The bus 1712 connects the tuner 1702, demultiplexer 1703, decoder 1704, video signal processor 1705, audio signal processor 1707, external interface 1709, and controller 1710 to each other.

In the television apparatus 1700 having such a structure, the decoder 1704 has the function of the video decoding apparatus according to the above-described embodiment.

Fig. 18 is a schematic configuration diagram of an application of the present invention to a mobile phone. The mobile phone device 1720 includes an antenna 1721, a communication unit 1722, an audio codec 1723, a speaker 1724, a microphone 1725, a camera unit 1726, an image processor 1727, a demultiplexer 1728, a recording/reproducing unit 1729, a display unit 1730, a controller 1731, an operation unit 1732, and a bus 1733.

The antenna 1721 is connected to the communication unit 1722. A speaker 1724 and a microphone 1725 are connected to the audio codec 1723. The operation unit 932 is connected to the controller 1731. The bus 1733 connects the communication unit 1722, the audio codec 1723, the camera unit 1726, the image processor 1727, the demultiplexer 1728, the recording/reproducing unit 1729, the display unit 1730, and the controller 1731 to each other.

The mobile phone device 1720 performs operations in various operation modes, such as transmission/reception of audio signals, transmission/reception of e-mail and image data, capturing of images, recording of data, and the like, including a voice call mode, a data communication mode, an imaging mode, and a video phone mode.

In the voice call mode, an analog audio signal generated by the microphone 1725 is provided to the audio codec 1723. The audio codec 1723 converts an analog audio signal into audio data, performs analog-to-digital conversion on the converted audio data, and compresses the audio data. The audio codec 1723 then outputs the audio data obtained as the compression result to the communication unit 1722. The communication unit 1722 encodes and modulates audio data to generate a signal to be transmitted. The communication unit 1722 then transmits the generated signal to be transmitted to the base station via the antenna 1721. The communication unit 1722 also amplifies a radio signal received via the antenna 1721 and performs frequency conversion on the radio signal received via the antenna 1721 to obtain a received signal. The communication unit 1722 then demodulates and decodes the received signal to generate audio data, and outputs the generated audio data to the audio codec 1723. The audio codec 1723 decompresses the audio data and performs digital-to-analog conversion on the audio data to generate an analog audio signal. The audio codec 1723 then provides the resulting audio signal to the speaker 1724 for output of audio from the speaker 1724.

In the data communication mode, for example, the controller 1731 generates text data to be included in an electronic mail according to an operation by a user via the operation unit 1732. The controller 1731 also displays text on the display unit 1730. The controller 1731 also generates email data in response to an instruction for transmission from the user via the operation unit 1732, and outputs the generated email data to the communication unit 1722. A communication unit 17922 encodes and modulates the email data to generate a signal to be transmitted. The communication unit 1722 then transmits the generated signal to be transmitted to the base station via the antenna 1721. The communication unit 1722 also amplifies a radio signal received via the antenna 1721 and performs frequency conversion on the radio signal received via the antenna 1721 to obtain a received signal. The communication unit 1722 then demodulates and decodes the received signal to restore the email data, and outputs the restored email data to the controller 1731. The controller 1731 displays the contents of the email on the display unit 1730 and stores the email data in the storage medium of the recording/reproducing unit 1729.
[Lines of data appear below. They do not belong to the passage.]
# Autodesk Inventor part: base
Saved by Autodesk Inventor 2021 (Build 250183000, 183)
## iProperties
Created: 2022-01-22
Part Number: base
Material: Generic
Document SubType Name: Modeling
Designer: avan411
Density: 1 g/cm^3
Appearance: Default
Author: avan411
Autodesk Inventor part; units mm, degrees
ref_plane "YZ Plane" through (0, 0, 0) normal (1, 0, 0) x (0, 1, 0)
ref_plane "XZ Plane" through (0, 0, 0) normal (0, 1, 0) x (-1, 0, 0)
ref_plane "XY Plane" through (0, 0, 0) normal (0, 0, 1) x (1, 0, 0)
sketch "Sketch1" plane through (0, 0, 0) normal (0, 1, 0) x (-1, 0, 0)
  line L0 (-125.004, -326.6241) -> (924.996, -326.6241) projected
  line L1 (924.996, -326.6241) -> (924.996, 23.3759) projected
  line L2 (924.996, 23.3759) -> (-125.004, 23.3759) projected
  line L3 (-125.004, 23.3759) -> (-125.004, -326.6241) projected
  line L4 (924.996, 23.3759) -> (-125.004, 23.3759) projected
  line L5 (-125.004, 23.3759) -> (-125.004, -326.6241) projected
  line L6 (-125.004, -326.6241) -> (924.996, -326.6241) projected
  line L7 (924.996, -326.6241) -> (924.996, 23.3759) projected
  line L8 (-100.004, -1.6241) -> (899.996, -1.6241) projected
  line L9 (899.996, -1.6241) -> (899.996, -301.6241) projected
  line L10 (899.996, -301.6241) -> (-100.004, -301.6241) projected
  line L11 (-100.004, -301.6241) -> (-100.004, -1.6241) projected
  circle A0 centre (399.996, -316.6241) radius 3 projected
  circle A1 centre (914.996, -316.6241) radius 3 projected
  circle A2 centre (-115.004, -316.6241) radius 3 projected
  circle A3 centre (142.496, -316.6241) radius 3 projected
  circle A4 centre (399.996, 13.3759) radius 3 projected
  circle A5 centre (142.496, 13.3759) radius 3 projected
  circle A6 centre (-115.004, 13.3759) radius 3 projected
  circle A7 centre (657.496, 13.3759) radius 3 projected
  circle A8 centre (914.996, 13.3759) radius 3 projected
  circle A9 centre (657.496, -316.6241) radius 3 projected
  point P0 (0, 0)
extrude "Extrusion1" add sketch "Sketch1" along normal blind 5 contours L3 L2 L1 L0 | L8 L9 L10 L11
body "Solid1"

The recording/reproducing unit 1729 includes a readable/writable storage medium. For example, the storage medium may be an internal storage medium, or may be an externally mounted storage medium, such as a hard disk, a magnetic disk, a magneto-optical disk, a USB (universal serial bus) memory, or a memory card.

In the imaging mode, the camera unit 1726 images a subject to generate image data, and outputs the generated image data to the image processor 1727. The image processor 1727 encodes image data input from the camera unit 1726 and stores the encoded stream in a storage medium of the storage/reproduction unit 1729.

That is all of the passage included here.